(EXERCISE OBJECTIVE):
Although pictures appear in the entries below, leave them out and print exactly the lines from the first line through the line containing "## Components (6 placed, 4 different names)".

Stored data entries:
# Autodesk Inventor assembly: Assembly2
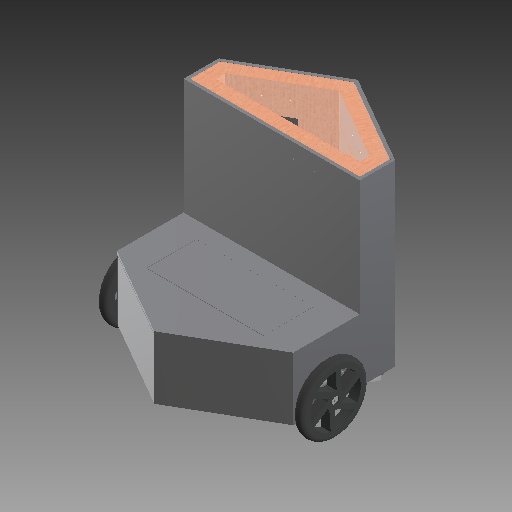
[picture p0: Inventor's stored thumbnail of the model, 512x512]
Saved by Autodesk Inventor 2017 (Build 210142000, 142)
## iProperties
Created: 2018-10-17
Part Number: Assembly2
Document SubType Name: Assembly
Designer: Administrator
Author: Administrator
## Documents named in this file (5)
- C:\Users\Dell\Documents\GitHub\tr2\Base\Base.iam
- C:\Users\Dell\Documents\GitHub\tr2\Base\Base Cover Assembly.iam
- C:\Users\Dell\Documents\GitHub\tr2\Base\Base Chassis Assembly.iam
- C:\Users\Dell\Documents\GitHub\tr2\Wheel Assembly\Wheel Assembly, Right.iam
- C:\Users\Dell\Documents\GitHub\tr2\Base\Caster Wheel\004. Castor Wheel Full_TOP.iam
## Components (6 placed, 4 different names)
1. Base Cover Assembly:1 [sub-assembly] — Mate:132, Mate:133, Mate:134
2. Base Chassis Assembly:1 [sub-assembly] — Mate:121, Mate:123, Flush:3, Mate:127, Flush:4, Flush:5, Mate:128, Mate:130, Mate:131, Mate:132, Mate:133, Mate:134, Mate:135, Mate:136, Flush:6, Flush:7, Mate:137, Mate:138
3. Wheel Assembly, Right:1 [sub-assembly] — Flush:5, Mate:128, Mate:130
4. Wheel Assembly, Right:2 [sub-assembly] — Mate:127, Flush:4, Mate:131
5. 004. Castor Wheel Full_TOP:1 [sub-assembly] — Mate:135, Flush:7, Mate:137
6. 004. Castor Wheel Full_TOP:2 [sub-assembly] — Mate:136, Flush:6, Mate:138
## Relationships (18: Mate 13, Flush 5)
- Mate:121: Base Chassis Assembly:1
- Mate:123: Base Chassis Assembly:1
- Flush:3: Base Chassis Assembly:1
- Mate:127: Base Chassis Assembly:1 ↔ Wheel Assembly, Right:2
- Flush:4: Base Chassis Assembly:1 ↔ Wheel Assembly, Right:2
- Flush:5: Base Chassis Assembly:1 ↔ Wheel Assembly, Right:1
- Mate:128: Base Chassis Assembly:1 ↔ Wheel Assembly, Right:1
- Mate:130: Base Chassis Assembly:1 ↔ Wheel Assembly, Right:1
- Mate:131: Base Chassis Assembly:1 ↔ Wheel Assembly, Right:2
- Mate:132: Base Cover Assembly:1 ↔ Base Chassis Assembly:1
- Mate:133: Base Cover Assembly:1 ↔ Base Chassis Assembly:1
- Mate:134: Base Cover Assembly:1 ↔ Base Chassis Assembly:1
- Mate:135: Base Chassis Assembly:1 ↔ 004. Castor Wheel Full_TOP:1
- Mate:136: Base Chassis Assembly:1 ↔ 004. Castor Wheel Full_TOP:2
- Flush:6: Base Chassis Assembly:1 ↔ 004. Castor Wheel Full_TOP:2
- Flush:7: Base Chassis Assembly:1 ↔ 004. Castor Wheel Full_TOP:1
- Mate:137: Base Chassis Assembly:1 ↔ 004. Castor Wheel Full_TOP:1
- Mate:138: Base Chassis Assembly:1 ↔ 004. Castor Wheel Full_TOP:2
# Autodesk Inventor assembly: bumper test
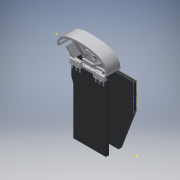
[picture p0: Inventor's stored thumbnail of the model, 180x180]
Saved by Autodesk Inventor 2016 (Build 200138000, 138)
## iProperties
Created: 2015-09-30
Part Number: bumper test
Document SubType Name: Assembly
Designer: Jesse Stevenson
Author: Jesse Stevenson
## Documents named in this file (7)
- C:\Users\Jesse Stevenson\Desktop\E-121-Design\bumper test.iam
- C:\Users\Jesse Stevenson\Desktop\E-121-Design\top.ipt
- C:\Users\Jesse Stevenson\Desktop\E-121-Design\bottom.ipt
- C:\Users\Jesse Stevenson\Desktop\E-121-Design\Microswitch_-_Omron_D2SW-P2L2T.iam
- C:\Users\Jesse Stevenson\Desktop\E-121-Design\bumper lever support.ipt
- C:\Users\Jesse Stevenson\Desktop\E-121-Design\lever2.ipt
- C:\Users\Jesse Stevenson\Desktop\E-121-Design\bumper.ipt
## Components (8 placed, 6 different names)
1. top:1 — Flush:1, Mate:1, Mate:2
2. bottom:1 — Flush:1, Mate:1, Mate:3, Flush:3, Flush:4, Mate:18, Mate:19, Angle:1
3. Microswitch_-_Omron_D2SW-P2L2T:1 [sub-assembly] — Flush:2, Mate:17, Mate:19
4. Microswitch_-_Omron_D2SW-P2L2T:2 [sub-assembly] — Flush:2, Mate:16, Mate:18, Angle:1
5. bumper lever support:1 — Flush:3, Flush:4, Mate:10, Mate:13, Mate:14
6. bumper:1 — Mate:8, Mate:9, Mate:11, Mate:15
7. lever2:1 — Mate:11, Mate:13, Mate:14, Mate:15, Mate:16
8. lever2:2 — Mate:8, Mate:9, Mate:10, Mate:17
## Relationships (20: Mate 15, Flush 4, Angle 1)
- Flush:1: top:1 ↔ bottom:1
- Mate:1 (18.923 mm): top:1 ↔ bottom:1
- Mate:2: top:1
- Mate:3: bottom:1
- Mate:4 (25.273 mm)
- Flush:2: Microswitch_-_Omron_D2SW-P2L2T:1 ↔ Microswitch_-_Omron_D2SW-P2L2T:2
- Flush:3: bottom:1 ↔ bumper lever support:1
- Flush:4: bottom:1 ↔ bumper lever support:1
- Mate:8: bumper:1 ↔ lever2:2
- Mate:9: bumper:1 ↔ lever2:2
- Mate:10: bumper lever support:1 ↔ lever2:2
- Mate:11: bumper:1 ↔ lever2:1
- Mate:13: bumper lever support:1 ↔ lever2:1
- Mate:14: bumper lever support:1 ↔ lever2:1
- Mate:15: bumper:1 ↔ lever2:1
- Mate:16 (-1.27 mm): Microswitch_-_Omron_D2SW-P2L2T:2 ↔ lever2:1
- Mate:17 (-1.27 mm): Microswitch_-_Omron_D2SW-P2L2T:1 ↔ lever2:2
- Mate:18: bottom:1 ↔ Microswitch_-_Omron_D2SW-P2L2T:2
- Mate:19: bottom:1 ↔ Microswitch_-_Omron_D2SW-P2L2T:1
- Angle:1 (0 deg): bottom:1 ↔ Microswitch_-_Omron_D2SW-P2L2T:2

(ANSWER BOX):
# Autodesk Inventor assembly: Assembly2
[picture p0: Inventor's stored thumbnail of the model, 512x512]
Saved by Autodesk Inventor 2017 (Build 210142000, 142)
## iProperties
Created: 2018-10-17
Part Number: Assembly2
Document SubType Name: Assembly
Designer: Administrator
Author: Administrator
## Documents named in this file (5)
- C:\Users\Dell\Documents\GitHub\tr2\Base\Base.iam
- C:\Users\Dell\Documents\GitHub\tr2\Base\Base Cover Assembly.iam
- C:\Users\Dell\Documents\GitHub\tr2\Base\Base Chassis Assembly.iam
- C:\Users\Dell\Documents\GitHub\tr2\Wheel Assembly\Wheel Assembly, Right.iam
- C:\Users\Dell\Documents\GitHub\tr2\Base\Caster Wheel\004. Castor Wheel Full_TOP.iam
## Components (6 placed, 4 different names)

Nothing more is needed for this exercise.